**Provided records:**
»»

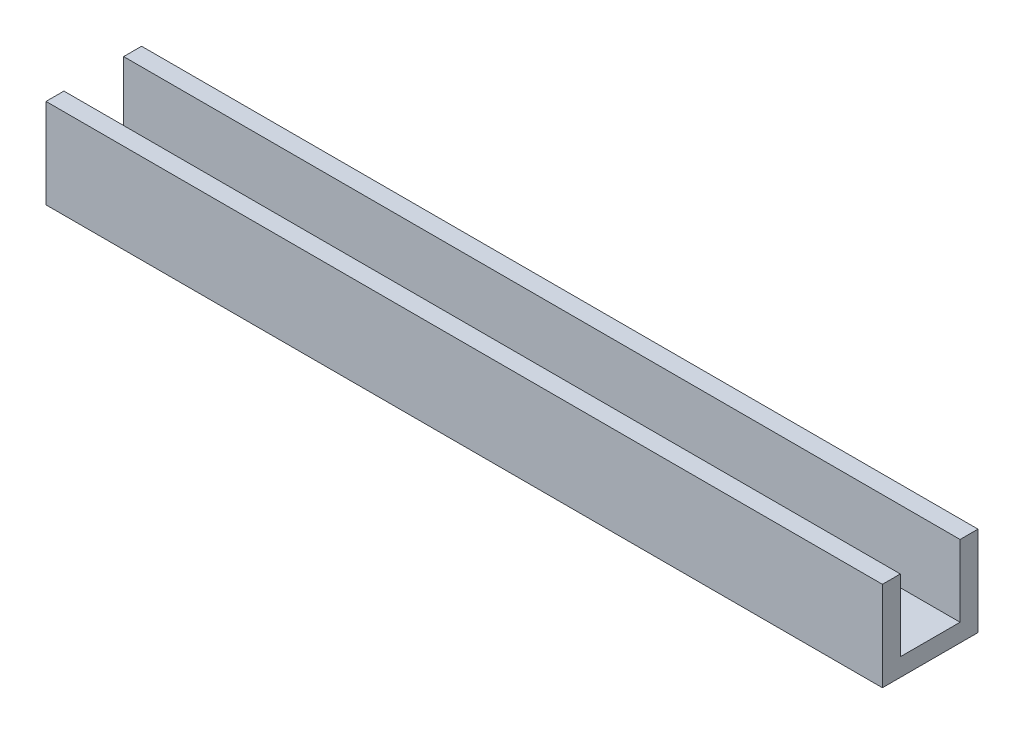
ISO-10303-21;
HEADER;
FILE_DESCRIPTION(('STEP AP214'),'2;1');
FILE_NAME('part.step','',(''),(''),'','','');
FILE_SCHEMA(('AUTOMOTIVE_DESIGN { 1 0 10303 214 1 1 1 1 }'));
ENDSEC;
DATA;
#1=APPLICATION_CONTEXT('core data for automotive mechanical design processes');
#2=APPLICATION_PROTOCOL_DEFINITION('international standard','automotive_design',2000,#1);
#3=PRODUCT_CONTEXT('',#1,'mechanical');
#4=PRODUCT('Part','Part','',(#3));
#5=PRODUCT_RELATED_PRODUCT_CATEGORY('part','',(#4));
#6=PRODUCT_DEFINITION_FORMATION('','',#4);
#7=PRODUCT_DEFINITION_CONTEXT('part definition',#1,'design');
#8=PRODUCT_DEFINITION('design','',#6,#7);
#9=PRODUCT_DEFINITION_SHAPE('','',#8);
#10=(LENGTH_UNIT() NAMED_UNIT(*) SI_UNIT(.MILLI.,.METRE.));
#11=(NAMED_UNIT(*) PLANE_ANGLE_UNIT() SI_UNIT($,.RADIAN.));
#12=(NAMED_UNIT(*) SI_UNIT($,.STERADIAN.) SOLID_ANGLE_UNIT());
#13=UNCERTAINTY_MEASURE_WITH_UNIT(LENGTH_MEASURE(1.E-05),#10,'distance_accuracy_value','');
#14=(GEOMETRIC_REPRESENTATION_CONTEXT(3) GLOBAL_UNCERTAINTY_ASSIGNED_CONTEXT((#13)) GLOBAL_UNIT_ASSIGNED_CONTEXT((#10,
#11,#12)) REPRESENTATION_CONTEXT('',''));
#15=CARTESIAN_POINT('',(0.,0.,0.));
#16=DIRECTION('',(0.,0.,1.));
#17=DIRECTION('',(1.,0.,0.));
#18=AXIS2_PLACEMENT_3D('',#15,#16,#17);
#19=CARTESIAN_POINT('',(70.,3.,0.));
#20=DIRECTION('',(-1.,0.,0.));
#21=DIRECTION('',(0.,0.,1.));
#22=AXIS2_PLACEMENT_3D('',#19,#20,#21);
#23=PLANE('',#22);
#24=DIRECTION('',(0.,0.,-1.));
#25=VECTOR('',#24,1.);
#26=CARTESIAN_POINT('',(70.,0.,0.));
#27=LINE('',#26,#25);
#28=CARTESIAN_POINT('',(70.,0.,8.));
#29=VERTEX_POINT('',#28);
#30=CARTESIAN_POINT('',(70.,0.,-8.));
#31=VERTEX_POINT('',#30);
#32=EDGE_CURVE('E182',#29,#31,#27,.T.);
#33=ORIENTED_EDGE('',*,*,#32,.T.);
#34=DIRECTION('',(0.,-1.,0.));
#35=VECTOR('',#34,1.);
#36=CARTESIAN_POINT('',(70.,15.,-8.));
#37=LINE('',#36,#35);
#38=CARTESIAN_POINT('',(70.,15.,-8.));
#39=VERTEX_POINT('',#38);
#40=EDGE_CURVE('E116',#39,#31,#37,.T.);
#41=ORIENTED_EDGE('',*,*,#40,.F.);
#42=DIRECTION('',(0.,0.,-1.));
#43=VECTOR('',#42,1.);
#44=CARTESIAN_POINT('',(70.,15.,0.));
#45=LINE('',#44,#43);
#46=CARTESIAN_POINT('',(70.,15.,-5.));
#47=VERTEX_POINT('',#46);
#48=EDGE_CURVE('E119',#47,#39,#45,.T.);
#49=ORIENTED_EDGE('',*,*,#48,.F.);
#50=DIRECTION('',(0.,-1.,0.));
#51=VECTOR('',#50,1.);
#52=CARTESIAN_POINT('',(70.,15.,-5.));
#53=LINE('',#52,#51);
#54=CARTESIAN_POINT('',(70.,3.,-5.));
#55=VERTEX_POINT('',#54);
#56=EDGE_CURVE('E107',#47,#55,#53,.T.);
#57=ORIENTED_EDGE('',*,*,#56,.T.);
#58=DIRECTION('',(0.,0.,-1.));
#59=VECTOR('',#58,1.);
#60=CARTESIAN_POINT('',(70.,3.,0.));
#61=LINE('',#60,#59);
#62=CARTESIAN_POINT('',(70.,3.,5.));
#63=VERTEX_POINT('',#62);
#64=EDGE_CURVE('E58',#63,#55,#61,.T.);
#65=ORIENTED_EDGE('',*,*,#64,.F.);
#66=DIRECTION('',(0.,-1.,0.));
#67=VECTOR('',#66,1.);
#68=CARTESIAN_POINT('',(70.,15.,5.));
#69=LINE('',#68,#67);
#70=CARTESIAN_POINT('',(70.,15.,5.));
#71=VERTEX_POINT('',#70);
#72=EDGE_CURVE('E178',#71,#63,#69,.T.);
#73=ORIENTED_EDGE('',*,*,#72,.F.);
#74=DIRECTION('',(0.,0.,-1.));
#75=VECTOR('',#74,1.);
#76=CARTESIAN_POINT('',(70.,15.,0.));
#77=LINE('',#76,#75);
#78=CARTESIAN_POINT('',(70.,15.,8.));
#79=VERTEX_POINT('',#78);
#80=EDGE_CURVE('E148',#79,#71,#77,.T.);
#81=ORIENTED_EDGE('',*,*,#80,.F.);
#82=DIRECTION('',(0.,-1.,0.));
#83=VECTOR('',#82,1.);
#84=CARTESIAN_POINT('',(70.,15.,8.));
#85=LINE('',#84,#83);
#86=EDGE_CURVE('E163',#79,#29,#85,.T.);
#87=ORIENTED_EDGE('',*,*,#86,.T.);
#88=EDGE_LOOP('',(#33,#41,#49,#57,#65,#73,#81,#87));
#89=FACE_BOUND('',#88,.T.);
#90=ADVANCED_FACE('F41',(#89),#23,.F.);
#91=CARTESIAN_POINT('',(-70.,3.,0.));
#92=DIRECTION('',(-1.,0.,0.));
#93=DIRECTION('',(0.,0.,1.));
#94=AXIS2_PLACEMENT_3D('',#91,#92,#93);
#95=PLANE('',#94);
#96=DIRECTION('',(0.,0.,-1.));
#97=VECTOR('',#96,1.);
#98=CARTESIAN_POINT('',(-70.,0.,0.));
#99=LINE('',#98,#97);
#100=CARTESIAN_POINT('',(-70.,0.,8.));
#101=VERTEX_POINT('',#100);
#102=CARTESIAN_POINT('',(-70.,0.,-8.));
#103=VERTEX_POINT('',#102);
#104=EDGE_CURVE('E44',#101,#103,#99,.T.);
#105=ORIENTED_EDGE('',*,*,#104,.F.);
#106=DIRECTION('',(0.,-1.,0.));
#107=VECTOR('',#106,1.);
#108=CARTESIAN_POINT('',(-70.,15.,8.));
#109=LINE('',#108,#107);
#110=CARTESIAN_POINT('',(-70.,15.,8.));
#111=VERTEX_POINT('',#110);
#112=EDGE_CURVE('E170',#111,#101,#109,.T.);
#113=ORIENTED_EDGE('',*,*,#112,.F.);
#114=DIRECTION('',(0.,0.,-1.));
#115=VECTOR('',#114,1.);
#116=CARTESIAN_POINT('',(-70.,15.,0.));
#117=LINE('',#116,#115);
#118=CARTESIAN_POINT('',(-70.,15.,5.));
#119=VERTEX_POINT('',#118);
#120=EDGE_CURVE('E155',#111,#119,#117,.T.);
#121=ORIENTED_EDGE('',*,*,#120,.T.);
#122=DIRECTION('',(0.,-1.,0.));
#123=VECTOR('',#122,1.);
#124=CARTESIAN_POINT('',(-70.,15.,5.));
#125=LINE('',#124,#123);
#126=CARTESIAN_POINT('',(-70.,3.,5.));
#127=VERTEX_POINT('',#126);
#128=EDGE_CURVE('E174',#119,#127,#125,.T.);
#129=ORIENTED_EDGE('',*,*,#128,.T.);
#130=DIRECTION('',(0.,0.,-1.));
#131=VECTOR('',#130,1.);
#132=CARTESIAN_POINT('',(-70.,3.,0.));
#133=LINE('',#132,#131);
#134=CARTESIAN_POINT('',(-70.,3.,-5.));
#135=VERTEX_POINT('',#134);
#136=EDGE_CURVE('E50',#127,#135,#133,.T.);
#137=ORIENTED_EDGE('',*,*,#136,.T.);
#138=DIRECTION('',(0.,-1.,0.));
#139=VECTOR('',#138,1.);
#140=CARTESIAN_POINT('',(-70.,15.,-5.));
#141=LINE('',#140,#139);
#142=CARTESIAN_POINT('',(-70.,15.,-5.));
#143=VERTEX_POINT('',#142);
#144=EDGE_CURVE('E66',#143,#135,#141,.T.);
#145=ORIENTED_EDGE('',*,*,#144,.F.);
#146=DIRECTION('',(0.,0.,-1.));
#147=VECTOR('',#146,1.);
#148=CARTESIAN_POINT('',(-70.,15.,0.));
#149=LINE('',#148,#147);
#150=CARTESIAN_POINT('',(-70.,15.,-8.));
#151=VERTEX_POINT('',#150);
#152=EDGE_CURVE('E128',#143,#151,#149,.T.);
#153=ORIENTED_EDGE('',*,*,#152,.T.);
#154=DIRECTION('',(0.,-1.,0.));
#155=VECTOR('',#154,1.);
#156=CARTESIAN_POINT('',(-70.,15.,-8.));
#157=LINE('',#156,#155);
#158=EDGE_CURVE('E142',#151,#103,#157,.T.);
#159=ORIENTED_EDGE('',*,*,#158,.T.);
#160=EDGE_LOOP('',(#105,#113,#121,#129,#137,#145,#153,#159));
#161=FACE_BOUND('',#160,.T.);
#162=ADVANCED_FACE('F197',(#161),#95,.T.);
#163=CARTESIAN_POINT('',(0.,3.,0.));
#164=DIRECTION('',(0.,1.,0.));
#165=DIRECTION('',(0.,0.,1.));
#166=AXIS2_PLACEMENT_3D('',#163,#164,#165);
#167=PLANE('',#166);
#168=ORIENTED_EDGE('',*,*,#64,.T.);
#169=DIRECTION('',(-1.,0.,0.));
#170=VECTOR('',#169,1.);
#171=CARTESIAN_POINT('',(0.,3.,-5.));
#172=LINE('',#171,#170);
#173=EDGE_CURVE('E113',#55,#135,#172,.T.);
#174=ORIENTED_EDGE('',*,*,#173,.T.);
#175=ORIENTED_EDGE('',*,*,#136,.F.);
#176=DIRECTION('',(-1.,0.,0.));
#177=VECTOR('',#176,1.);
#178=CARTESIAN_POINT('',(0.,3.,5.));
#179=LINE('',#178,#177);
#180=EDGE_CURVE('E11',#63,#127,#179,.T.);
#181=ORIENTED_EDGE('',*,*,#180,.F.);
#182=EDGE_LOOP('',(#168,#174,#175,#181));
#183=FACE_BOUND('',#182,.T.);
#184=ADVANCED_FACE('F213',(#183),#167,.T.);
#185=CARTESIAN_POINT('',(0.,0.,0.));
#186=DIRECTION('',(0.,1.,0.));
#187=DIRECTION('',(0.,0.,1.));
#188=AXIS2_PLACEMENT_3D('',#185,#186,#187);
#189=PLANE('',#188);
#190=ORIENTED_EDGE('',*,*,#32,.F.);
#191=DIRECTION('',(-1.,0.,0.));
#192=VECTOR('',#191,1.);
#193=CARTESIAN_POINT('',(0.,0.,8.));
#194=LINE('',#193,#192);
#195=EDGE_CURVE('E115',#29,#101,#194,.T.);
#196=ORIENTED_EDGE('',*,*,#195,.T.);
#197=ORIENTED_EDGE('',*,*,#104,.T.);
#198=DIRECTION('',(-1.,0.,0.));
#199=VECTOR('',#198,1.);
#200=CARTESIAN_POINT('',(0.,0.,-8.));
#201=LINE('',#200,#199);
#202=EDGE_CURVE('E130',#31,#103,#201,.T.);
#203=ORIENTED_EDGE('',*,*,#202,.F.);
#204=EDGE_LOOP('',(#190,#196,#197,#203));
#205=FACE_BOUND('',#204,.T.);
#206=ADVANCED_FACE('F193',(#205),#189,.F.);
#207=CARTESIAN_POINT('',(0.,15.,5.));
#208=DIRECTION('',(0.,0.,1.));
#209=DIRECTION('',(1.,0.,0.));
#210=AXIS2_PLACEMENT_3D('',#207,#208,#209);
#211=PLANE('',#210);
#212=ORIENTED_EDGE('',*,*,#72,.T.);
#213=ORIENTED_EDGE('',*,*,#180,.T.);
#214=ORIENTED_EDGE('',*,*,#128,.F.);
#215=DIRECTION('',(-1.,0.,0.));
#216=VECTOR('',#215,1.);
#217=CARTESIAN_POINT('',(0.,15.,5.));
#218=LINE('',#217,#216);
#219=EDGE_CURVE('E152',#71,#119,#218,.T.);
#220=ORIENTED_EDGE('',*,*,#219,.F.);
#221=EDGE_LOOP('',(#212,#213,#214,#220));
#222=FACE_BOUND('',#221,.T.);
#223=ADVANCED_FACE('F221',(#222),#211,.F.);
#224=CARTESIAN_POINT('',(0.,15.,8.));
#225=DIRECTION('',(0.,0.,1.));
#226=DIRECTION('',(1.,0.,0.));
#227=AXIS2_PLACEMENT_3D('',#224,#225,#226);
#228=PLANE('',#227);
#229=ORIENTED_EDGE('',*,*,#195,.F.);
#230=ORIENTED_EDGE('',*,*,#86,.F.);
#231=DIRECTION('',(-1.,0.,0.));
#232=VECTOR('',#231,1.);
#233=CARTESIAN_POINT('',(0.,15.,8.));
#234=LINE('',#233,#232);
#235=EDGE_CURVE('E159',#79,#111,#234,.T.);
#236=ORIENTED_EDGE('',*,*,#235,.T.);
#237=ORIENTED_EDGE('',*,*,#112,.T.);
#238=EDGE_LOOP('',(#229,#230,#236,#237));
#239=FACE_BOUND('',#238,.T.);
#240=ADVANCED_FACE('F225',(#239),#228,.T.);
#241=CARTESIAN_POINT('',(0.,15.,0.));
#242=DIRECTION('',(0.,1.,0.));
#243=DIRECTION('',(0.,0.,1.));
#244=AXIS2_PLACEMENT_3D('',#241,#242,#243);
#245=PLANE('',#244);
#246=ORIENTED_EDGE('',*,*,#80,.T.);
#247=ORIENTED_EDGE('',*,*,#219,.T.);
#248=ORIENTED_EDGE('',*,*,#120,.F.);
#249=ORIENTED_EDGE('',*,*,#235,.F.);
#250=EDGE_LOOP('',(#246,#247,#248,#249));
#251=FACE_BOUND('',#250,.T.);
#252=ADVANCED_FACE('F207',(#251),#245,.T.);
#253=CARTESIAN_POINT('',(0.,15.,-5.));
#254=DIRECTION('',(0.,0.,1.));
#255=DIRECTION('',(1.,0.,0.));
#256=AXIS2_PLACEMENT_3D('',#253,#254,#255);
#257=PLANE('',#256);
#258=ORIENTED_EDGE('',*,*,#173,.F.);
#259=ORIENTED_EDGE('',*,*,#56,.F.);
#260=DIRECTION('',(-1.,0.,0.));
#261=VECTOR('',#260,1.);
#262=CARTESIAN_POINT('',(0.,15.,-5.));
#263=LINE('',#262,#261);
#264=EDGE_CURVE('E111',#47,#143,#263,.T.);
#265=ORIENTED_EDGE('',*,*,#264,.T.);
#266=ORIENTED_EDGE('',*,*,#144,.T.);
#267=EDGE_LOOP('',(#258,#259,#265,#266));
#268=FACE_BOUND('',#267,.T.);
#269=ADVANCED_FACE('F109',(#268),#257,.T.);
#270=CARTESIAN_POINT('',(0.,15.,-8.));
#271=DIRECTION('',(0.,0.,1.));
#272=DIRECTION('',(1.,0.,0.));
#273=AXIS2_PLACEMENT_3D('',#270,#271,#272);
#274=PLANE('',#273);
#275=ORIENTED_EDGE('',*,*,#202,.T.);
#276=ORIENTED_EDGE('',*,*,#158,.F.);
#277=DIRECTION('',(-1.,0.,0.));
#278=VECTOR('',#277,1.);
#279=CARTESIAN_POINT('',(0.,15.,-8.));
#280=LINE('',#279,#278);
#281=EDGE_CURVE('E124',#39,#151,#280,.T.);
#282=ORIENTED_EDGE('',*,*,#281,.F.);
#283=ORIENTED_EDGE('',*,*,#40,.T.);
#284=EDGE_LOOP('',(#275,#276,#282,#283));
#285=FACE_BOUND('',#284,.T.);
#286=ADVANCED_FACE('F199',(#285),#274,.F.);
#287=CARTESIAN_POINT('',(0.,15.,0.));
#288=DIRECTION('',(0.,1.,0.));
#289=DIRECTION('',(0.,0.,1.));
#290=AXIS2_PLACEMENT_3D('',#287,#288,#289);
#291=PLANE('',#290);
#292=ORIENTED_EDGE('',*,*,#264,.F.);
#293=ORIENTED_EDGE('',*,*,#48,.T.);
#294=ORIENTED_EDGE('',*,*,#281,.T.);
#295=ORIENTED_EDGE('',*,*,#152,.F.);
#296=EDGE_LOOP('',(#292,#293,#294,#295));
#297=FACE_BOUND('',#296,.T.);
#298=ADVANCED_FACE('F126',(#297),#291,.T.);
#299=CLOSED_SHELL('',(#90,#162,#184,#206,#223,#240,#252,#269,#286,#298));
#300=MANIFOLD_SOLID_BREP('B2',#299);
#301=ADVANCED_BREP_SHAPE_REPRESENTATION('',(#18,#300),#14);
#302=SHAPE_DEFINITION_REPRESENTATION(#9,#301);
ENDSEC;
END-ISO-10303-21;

««

**What to work on:** Exactly the lines above from the one with "#268=FACE_BOUND('',#267,.T.);" to the one with "#279=CARTESIAN_POINT('',(0.,15.,-8.));", both included, are to be quoted; leave the rest out.

**Finished exercise:**
#268=FACE_BOUND('',#267,.T.);
#269=ADVANCED_FACE('F109',(#268),#257,.T.);
#270=CARTESIAN_POINT('',(0.,15.,-8.));
#271=DIRECTION('',(0.,0.,1.));
#272=DIRECTION('',(1.,0.,0.));
#273=AXIS2_PLACEMENT_3D('',#270,#271,#272);
#274=PLANE('',#273);
#275=ORIENTED_EDGE('',*,*,#202,.T.);
#276=ORIENTED_EDGE('',*,*,#158,.F.);
#277=DIRECTION('',(-1.,0.,0.));
#278=VECTOR('',#277,1.);
#279=CARTESIAN_POINT('',(0.,15.,-8.));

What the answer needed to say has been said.